- Outfielder
- Born: June 28, 1927 Cudahy, Wisconsin, U.S.
- Died: May 21, 2015 (aged 87) Milwaukee, Wisconsin, U.S.
- Batted: RightThrew: Right

Teams
- South Bend Blue Sox (1943);

= Ellen Tronnier =

American baseball player

Ellen J. Tronnier (June 28, 1927 – May 21, 2015) was an outfielder who played in the All-American Girls Professional Baseball League (AAGPBL). Listed at 5'6" (1.71 m), 135 lb. (61 k), she batted and threw right handed.

The AAGPBL emerged in the spring of 1943, being formed as a non-profit organization as an initiative of Philip K. Wrigley, chewing gum magnate and owner of the Chicago Cubs Major League Baseball club. Wrigley conceived the idea as a promotional sideline to maintain interest in baseball as the World War II military draft was depleting Major League rosters of first-line players. By sending out scouts and setting up tryouts in dozens of major cities, Wrigley attracted hundreds of girls from all over America and Canada who were eager to play in this new professional league. Of these, only 280 were invited to the final tryouts at Wrigley Field in Chicago where 60 were chosen to become the first girls to ever play professional baseball.

Born in Cudahy, Wisconsin, Ellen Tronnier joined the league when she was only 16 years old, after surviving two exhausting tryouts. The first was held locally at Borchert Field, where only 16 ladies were chosen to go on to Chicago for the decisive tryout.
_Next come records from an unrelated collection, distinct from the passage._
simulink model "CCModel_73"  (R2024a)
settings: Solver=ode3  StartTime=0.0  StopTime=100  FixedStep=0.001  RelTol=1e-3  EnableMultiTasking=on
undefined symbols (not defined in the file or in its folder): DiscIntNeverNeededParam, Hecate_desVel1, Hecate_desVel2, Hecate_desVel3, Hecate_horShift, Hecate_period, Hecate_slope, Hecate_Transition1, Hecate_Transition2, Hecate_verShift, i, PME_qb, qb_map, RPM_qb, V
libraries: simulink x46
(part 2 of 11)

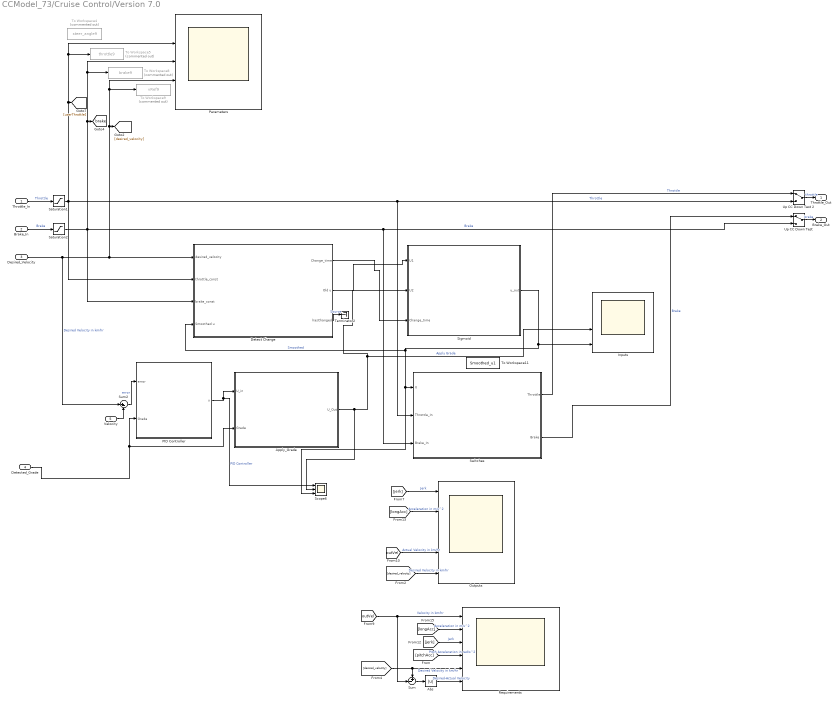
== system CCModel_73/Cruise Control/Version 7.0 ==
  Throttle_In : Inport
  Brake_In : Inport  Port=2
  Desired_Velocity : Inport  Port=3
  Detected_Grade : Inport  Port=4
  Velocity : Inport  Port=5
  Abs : Abs  SaturateOnIntegerOverflow=off
  Apply_Grade : Subsystem
  Detect Change : Subsystem
  Inputs : Scope  NumInputPorts=4
  Outputs : Scope  NumInputPorts=5
  PID Controller : Subsystem
  Parameters : Scope  NumInputPorts=5
  Requirements : Scope  NumInputPorts=6
  Saturation1 : Saturate  UpperLimit=100  LowerLimit=-100
  Saturation2 : Saturate  UpperLimit=100  LowerLimit=-100
  Scope6 : Scope  NumInputPorts=3
  Sigmoid : Subsystem
  Sum : Sum  Inputs=+-|
  Sum2 : Sum  Inputs=|+-
  Switches : Subsystem
  Terminator2 : Terminator
  To Workspace11 : ToWorkspace  VariableName=Smoothed_u1  SampleTime=-1
  To Workspace4 : ToWorkspace  Commented=on  VariableName=steer_angle9  SampleTime=-1
      settings: Save2DSignal=2-D array (concatenate along first dimension)
  To Workspace5 : ToWorkspace  Commented=on  VariableName=throttle9  SampleTime=-1
      settings: Save2DSignal=2-D array (concatenate along first dimension)
  To Workspace8 : ToWorkspace  Commented=on  VariableName=brake9  SampleTime=-1
      settings: Save2DSignal=2-D array (concatenate along first dimension)
  To Workspace9 : ToWorkspace  Commented=on  VariableName=vRef9  SampleTime=-1
      settings: Save2DSignal=2-D array (concatenate along first dimension)
  Up CC Down Test : ManualSwitch
  Up CC Down Test 2 : ManualSwitch
  Throttle_Out : Outport
  Brake_Out : Outport  Port=2
  tag scope: brake=global
  wires:
  Abs/1 -> Requirements/6  "Desired-Actual Velocity"
  Sum/1 -> Abs/1
  Switches/2(Brake) -> Up CC Down Test/1  "Brake"
  Saturation2/1 -> Switches/3(Brake_In), Up CC Down Test/2, Detect Change/3(brake_const), To Workspace8/1, Parameters/3, [brake]  "Brake"
  [jerk] -> Requirements/3  "Jerk"
  Detect Change/1(Change_time) -> Sigmoid/3(Change_time)
  Desired_Velocity/1 -> To Workspace9/1, Parameters/4, [desired_velocity], Detect Change/1(desired_velocity), Sum2/1  "Desired Velocity in km/hr"
  Sum2/1 -> PID Controller/1(error)  "error"
  Switches/1(Throttle) -> Up CC Down Test 2/1  "Throttle"
  PID Controller/1(u) -> Scope6/1, Apply_Grade/1(U_in)  "PID Controller"
  [outVel] -> Outputs/4  "Actual Velocity in km/hr"
  [longAcc] -> Outputs/2  "Acceleration in m/s^2"
  Throttle_In/1 -> Saturation1/1  "Throttle"
  [desired_velocity] -> Outputs/5  "Desired Velocity in km/hr"
  [longAcc] -> Requirements/2  "Acceleration in m/s^2"
  Up CC Down Test 2/1 -> Throttle_Out/1  "throttle"
  Velocity/1 -> Sum2/2
  [desired_velocity] -> Sum/1, Requirements/5  "Desired Velocity in km/hr"
  Detected_Grade/1 -> Apply_Grade/2(Grade), PID Controller/2(Grade)
  Brake_In/1 -> Saturation2/1  "Brake"
  Detect Change/3(hasChanged) -> Terminator2/1  "Source"
  Detect Change/2(Old u) -> Sigmoid/1(U1)
  Sigmoid/1(u_out) -> Detect Change/4(Smoothed u), Scope6/3, Switches/1(U), Inputs/4  "Smoothed"
  Apply_Grade/1(U_Out) -> Scope6/2, Inputs/3, Sigmoid/2(U2)  "Apply Grade"
  [pitchAcc] -> Requirements/4  "Pitch Acceleration in rad/s^2"
  [jerk] -> Outputs/1  "Jerk"
  Saturation1/1 -> Switches/2(Throttle_In), Up CC Down Test 2/2, Detect Change/2(throttle_const), [userThrottle], Parameters/2, To Workspace5/1  "Throttle"
  [outVel] -> Sum/2, Requirements/1  "Velocity in km/hr"
  Up CC Down Test/1 -> Brake_Out/1  "brake"

== system CCModel_73/Cruise Control/Version 7.1 ==
  Throttle_In : Inport
  Brake_In : Inport  Port=2
  Desired_Velocity : Inport  Port=3
  Detected_Grade : Inport  Port=4
  Velocity : Inport  Port=5
  Abs : Abs  SaturateOnIntegerOverflow=off
  Apply_Grade : Subsystem
  Detect Change : Subsystem
  Inputs : Scope  NumInputPorts=4
  Outputs : Scope  NumInputPorts=5
  PID Controller : Subsystem
  Parameters : Scope  NumInputPorts=5
  Requirements : Scope  NumInputPorts=6
  Saturation1 : Saturate  UpperLimit=100  LowerLimit=-100
  Saturation2 : Saturate  UpperLimit=100  LowerLimit=-100
  Scope6 : Scope  NumInputPorts=3
  Sigmoid : Subsystem
  Sum : Sum  Inputs=+-|
  Sum2 : Sum  Inputs=|+-
  Switches : Subsystem
  To Workspace4 : ToWorkspace  Commented=on  VariableName=steer_angle10  SampleTime=-1
      settings: Save2DSignal=2-D array (concatenate along first dimension)
  To Workspace5 : ToWorkspace  Commented=on  VariableName=throttle10  SampleTime=-1
      settings: Save2DSignal=2-D array (concatenate along first dimension)
  To Workspace8 : ToWorkspace  Commented=on  VariableName=brake10  SampleTime=-1
      settings: Save2DSignal=2-D array (concatenate along first dimension)
  To Workspace9 : ToWorkspace  Commented=on  VariableName=vRef10  SampleTime=-1
      settings: Save2DSignal=2-D array (concatenate along first dimension)
  Up CC Down Test : ManualSwitch
  Up CC Down Test 2 : ManualSwitch
  Throttle_Out : Outport
  Brake_Out : Outport  Port=2
  tag scope: ChangeTrigger=global, brake=global
  wires:
  PID Controller/1(u) -> Scope6/1, Apply_Grade/1(U_in)  "PID Controller"
  Detect Change/2(Old u) -> Sigmoid/1(U1)
  [longAcc] -> Outputs/2  "Acceleration in m/s^2"
  [desired_velocity] -> Outputs/5  "Desired Velocity in km/hr"
  Up CC Down Test 2/1 -> Throttle_Out/1  "throttle"
  Detect Change/1(Change_time) -> Sigmoid/3(Change_time)
  [outVel] -> Outputs/4  "Actual Velocity in km/hr"
  [desired_velocity] -> Sum/1, Requirements/5  "Desired Velocity in km/hr"
  [outVel] -> Sum/2, Requirements/1  "Velocity in km/hr"
  Velocity/1 -> Sum2/2
  [longAcc] -> Requirements/2  "Acceleration in m/s^2"
  Throttle_In/1 -> Saturation1/1  "Throttle"
  Abs/1 -> Requirements/6  "Desired-Actual Velocity"
  Switches/2(Brake) -> Up CC Down Test/1  "Brake"
  Sum/1 -> Abs/1
  Saturation2/1 -> Switches/3(Brake_In), Up CC Down Test/2, Detect Change/3(brake_const), To Workspace8/1, Parameters/3, [brake]  "Brake"
  Apply_Grade/1(U_Out) -> Scope6/2, Inputs/3, Sigmoid/2(U2)  "Apply Grade"
  [jerk] -> Requirements/3  "Jerk"
  [jerk] -> Outputs/1  "Jerk"
  Detect Change/3(hasChanged) -> [ChangeTrigger]  "Source"
  [pitchAcc] -> Requirements/4  "Pitch Acceleration in rad/s^2"
  Sum2/1 -> PID Controller/1(error)  "error"
  Switches/1(Throttle) -> Up CC Down Test 2/1  "Throttle"
  Brake_In/1 -> Saturation2/1  "Brake"
  Sigmoid/1(u_out) -> Detect Change/4(Smoothed u), Scope6/3, Switches/1(U), Inputs/4  "Smoothed"
  Desired_Velocity/1 -> To Workspace9/1, Parameters/4, [desired_velocity], Detect Change/1(desired_velocity), Sum2/1  "Desired Velocity in km/hr"
  Saturation1/1 -> [userThrottle], Parameters/2, To Workspace5/1, Switches/2(Throttle_In), Up CC Down Test 2/2, Detect Change/2(throttle_const)  "Throttle"
  Detected_Grade/1 -> Apply_Grade/2(Grade), PID Controller/2(Grade)
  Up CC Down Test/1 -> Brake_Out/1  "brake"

Tronnier was one of the lucky ones and was assigned to the South Bend Blue Sox.

After one season, Tronnier decided to return to school and enrolled in the University of Wisconsin-La Crosse. Upon completion of her degree, she taught physical education in the Milwaukee Public Schools during 33 years, working at South Division High School and Sholes Middle School.

Besides, Tronnier played softball for a long time, competing in several tournaments as an accomplished women's fast pitch softball player for nearly 27 years. During this period, her teams won league, state and regional championships and, in 1956, her club won the National Invitational Tournament. Then, during the 1970s she opened a baseball school for girls as part of the Milwaukee Recreation Department.

The AABPBL folded after the 1954 season. Twenty-six years later, June Peppas, a former star pitcher in the league, began assembling a list of names and addresses of former AAGPBL players and worked into a newsletter that resulted in the AAGPBL's first-ever reunion at Chicago's Wrigley Field in 1982. Starting from that reunion, a Players Association was formed in 1986 and many former AAGPBL players continued to enjoy reunions, which became annual events in 1988. Tronnier attended the reunions and regained communication with her teammates and old friends. Of the approximately 560 ladies who had played in the league, most had lost touch with the others, at least not until the reunion held in Chicago.

Through the organization of the All American Girls Professional Baseball League Players Association, the Baseball Hall of Fame and Museum opened in 1988 an AAGPBL permanent display at Cooperstown, New York, which is dedicated to the entire league rather than any individual personalities. Tronnier, along with the rest of the league's girls, is now enshrined in the Hall. It was inspiration enough for the 1992 film A League of Their Own, directed by Penny Marshall and starred by Geena Davis, Tom Hanks and Madonna, where was depicted what these pioneering girls endured.

Tronnier gained induction into the Wisconsin Amateur Softball Association Hall of Fame in 1990. She remained active after retirement, advising young people while signing baseball cards and talking about her playing days.

Ellen Tronnier died in 2015 in Milwaukee, Wisconsin at the age of 87. She was interred at Arlington Park Cemetery in Greenfield, Wisconsin.